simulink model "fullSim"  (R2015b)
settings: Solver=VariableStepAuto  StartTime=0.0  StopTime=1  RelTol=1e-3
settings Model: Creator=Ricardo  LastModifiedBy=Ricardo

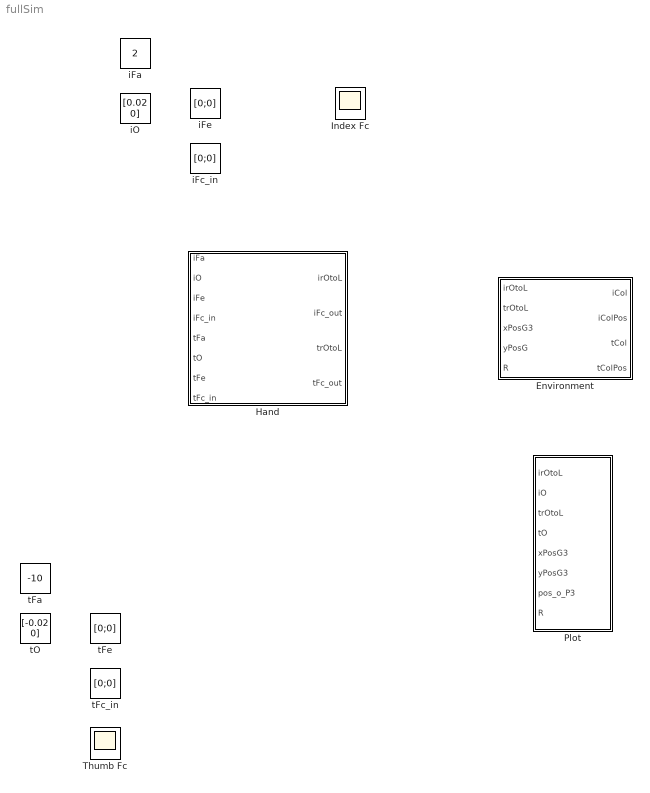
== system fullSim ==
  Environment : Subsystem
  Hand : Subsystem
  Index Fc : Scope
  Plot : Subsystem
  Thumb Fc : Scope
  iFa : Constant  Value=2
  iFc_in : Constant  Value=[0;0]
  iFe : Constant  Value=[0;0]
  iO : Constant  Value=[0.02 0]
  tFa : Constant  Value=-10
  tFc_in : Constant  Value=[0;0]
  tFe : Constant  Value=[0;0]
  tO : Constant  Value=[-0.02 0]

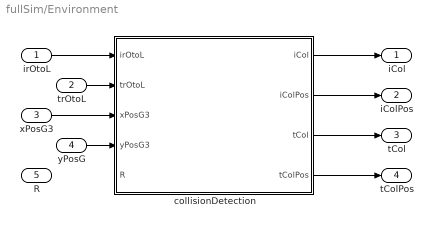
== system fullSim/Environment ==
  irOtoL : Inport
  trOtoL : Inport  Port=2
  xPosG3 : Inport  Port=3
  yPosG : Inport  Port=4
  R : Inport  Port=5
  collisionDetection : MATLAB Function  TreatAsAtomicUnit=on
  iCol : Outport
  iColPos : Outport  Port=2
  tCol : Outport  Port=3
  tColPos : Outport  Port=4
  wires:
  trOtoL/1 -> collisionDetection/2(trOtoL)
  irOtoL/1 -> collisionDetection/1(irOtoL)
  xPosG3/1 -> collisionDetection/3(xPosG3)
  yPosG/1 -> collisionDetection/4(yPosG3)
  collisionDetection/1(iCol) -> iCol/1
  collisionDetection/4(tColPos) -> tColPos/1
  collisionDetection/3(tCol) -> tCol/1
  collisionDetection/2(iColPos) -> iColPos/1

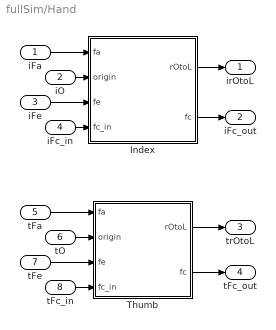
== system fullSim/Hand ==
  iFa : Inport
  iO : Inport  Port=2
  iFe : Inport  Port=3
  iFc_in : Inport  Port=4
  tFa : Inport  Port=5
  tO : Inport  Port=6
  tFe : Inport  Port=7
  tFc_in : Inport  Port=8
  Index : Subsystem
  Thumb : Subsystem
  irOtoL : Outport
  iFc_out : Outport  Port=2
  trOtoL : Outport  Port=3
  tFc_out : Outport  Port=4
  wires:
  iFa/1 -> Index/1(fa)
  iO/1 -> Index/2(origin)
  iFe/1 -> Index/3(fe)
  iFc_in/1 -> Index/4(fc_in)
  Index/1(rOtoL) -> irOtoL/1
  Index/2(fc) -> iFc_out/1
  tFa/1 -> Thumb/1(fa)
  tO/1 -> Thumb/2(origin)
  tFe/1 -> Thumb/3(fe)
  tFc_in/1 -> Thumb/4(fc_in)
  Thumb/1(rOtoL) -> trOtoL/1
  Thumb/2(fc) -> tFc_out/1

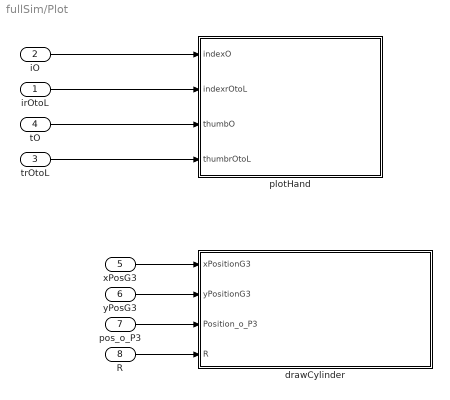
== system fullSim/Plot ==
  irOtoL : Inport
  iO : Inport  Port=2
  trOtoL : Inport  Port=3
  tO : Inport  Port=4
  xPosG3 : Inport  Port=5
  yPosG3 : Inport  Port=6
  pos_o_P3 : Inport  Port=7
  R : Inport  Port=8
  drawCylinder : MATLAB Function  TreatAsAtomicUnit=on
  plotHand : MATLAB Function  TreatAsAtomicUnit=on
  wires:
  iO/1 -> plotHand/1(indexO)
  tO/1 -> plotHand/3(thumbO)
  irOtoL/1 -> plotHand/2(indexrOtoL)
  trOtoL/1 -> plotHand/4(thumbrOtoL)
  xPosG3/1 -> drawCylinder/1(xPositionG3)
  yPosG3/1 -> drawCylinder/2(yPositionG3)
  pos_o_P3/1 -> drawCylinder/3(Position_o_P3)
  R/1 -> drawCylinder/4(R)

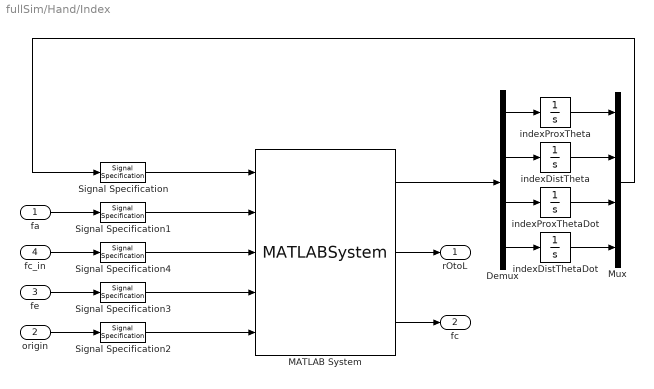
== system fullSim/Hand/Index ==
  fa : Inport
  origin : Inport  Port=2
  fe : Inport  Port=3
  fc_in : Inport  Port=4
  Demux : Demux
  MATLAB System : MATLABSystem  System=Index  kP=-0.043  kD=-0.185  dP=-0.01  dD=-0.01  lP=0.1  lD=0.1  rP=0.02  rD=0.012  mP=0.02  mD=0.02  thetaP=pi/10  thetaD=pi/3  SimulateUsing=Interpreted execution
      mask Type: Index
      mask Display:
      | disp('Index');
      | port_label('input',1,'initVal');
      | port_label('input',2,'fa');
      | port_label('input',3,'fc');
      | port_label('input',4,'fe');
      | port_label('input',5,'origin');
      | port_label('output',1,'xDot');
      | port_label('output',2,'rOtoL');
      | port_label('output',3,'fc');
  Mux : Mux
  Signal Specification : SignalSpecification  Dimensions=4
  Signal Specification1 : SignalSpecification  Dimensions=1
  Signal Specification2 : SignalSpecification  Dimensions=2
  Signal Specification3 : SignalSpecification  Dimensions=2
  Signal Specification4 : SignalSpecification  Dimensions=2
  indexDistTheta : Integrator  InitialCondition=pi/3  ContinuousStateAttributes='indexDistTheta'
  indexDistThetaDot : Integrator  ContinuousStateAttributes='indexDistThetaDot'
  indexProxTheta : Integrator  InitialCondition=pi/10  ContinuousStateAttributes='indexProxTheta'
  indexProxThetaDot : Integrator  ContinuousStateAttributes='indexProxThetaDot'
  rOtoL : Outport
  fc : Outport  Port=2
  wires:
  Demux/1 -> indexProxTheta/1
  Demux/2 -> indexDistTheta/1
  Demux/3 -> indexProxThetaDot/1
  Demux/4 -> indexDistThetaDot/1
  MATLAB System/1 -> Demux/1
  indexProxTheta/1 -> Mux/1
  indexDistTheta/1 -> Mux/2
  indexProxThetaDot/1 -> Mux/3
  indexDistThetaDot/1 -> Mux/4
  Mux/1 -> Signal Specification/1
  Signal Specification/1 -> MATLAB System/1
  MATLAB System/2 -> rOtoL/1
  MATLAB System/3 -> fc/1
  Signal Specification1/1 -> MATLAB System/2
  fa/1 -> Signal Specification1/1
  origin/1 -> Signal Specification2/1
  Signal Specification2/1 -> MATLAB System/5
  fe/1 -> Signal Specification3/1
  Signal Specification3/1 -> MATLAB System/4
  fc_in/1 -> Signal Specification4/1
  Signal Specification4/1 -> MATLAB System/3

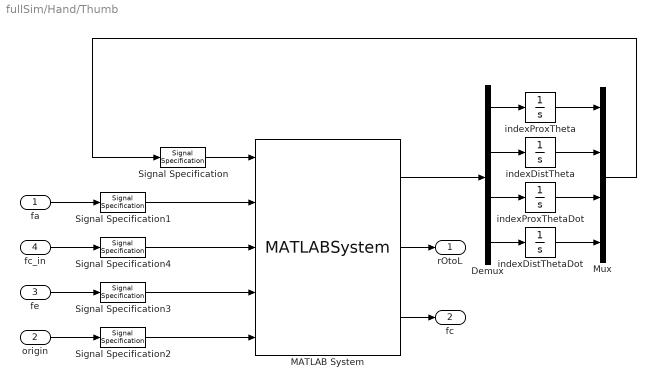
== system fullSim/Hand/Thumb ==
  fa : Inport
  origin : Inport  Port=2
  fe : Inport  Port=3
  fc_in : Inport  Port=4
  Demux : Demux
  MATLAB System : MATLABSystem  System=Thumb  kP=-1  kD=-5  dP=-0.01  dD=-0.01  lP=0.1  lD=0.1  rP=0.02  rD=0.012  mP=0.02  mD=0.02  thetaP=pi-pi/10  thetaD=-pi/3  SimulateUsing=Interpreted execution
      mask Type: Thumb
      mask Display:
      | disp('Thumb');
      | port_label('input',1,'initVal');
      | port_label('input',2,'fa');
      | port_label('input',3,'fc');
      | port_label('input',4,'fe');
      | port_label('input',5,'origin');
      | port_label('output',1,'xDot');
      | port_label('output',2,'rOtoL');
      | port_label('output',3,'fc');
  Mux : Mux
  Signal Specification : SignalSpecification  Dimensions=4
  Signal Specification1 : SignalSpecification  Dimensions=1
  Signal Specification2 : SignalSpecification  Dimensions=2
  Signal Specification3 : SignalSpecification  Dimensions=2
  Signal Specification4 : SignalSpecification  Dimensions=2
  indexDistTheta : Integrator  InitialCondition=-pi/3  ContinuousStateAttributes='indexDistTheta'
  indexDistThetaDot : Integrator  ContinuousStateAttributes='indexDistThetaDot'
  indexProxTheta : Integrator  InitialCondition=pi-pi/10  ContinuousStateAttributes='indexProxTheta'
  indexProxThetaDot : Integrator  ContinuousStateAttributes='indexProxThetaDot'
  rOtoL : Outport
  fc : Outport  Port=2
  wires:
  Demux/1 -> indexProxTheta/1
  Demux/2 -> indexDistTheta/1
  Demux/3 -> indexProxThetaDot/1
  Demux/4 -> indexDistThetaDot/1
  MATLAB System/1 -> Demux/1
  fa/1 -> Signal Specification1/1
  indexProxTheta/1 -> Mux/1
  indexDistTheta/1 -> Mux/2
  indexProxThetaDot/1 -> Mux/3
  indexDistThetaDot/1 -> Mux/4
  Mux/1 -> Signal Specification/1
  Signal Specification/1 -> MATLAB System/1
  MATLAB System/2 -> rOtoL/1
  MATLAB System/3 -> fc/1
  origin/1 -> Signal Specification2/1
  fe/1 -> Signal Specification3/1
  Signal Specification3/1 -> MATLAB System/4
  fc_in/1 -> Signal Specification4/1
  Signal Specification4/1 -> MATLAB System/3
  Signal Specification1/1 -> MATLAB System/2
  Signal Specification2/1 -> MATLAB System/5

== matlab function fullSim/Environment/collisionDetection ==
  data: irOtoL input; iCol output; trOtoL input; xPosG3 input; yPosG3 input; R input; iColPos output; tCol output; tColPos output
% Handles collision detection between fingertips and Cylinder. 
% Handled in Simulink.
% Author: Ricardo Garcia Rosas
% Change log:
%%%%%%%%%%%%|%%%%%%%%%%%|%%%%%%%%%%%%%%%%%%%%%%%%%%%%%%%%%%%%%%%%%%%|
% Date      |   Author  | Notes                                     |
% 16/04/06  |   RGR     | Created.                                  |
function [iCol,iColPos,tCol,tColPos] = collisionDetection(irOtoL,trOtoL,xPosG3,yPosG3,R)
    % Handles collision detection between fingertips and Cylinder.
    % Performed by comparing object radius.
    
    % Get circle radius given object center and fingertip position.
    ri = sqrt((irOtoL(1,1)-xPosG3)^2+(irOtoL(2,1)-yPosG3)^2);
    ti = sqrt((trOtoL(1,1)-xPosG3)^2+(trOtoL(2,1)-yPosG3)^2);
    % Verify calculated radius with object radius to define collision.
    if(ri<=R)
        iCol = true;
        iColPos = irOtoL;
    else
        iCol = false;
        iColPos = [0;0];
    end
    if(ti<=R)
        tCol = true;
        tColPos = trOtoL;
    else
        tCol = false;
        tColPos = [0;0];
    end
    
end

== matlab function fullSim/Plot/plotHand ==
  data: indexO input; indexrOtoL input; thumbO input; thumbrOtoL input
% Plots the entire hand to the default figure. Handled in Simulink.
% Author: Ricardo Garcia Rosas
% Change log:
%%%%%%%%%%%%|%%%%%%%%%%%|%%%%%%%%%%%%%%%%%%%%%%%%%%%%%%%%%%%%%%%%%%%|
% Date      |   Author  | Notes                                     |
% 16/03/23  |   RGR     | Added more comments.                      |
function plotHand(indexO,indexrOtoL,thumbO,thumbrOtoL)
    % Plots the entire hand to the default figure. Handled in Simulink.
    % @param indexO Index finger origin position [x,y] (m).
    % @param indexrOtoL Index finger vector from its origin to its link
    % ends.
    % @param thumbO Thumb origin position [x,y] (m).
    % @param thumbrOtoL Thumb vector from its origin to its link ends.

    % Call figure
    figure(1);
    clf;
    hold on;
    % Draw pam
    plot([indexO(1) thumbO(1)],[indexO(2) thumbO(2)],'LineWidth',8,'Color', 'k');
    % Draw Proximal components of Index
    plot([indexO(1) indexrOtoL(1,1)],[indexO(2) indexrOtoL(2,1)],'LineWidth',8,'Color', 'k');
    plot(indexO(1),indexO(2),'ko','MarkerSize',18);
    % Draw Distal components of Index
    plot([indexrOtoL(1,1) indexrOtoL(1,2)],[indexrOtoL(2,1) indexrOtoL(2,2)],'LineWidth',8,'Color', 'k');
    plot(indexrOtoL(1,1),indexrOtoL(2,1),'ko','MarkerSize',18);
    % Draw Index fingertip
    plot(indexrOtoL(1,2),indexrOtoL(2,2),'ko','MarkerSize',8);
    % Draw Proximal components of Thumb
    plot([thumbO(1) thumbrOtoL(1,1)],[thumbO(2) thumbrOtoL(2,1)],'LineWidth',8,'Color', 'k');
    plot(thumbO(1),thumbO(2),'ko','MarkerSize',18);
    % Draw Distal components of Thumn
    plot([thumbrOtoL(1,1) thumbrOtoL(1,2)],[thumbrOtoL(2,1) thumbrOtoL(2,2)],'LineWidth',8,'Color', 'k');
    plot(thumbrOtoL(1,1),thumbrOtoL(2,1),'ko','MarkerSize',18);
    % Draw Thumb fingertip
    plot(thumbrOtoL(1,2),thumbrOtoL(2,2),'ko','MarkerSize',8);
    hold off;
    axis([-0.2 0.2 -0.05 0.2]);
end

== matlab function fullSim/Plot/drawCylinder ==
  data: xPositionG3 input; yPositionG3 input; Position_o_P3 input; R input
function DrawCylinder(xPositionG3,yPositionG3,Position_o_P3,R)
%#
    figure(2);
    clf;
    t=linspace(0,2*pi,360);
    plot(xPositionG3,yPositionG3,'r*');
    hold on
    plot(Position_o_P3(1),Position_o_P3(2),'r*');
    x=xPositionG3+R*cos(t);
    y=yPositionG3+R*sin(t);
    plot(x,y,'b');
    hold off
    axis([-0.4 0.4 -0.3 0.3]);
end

▶ [Instructions to follow] In the records above, each line with the string "Environment" should be copied.

▶ [Result of this exercise]
  Environment : Subsystem
== system fullSim/Environment ==
== matlab function fullSim/Environment/collisionDetection ==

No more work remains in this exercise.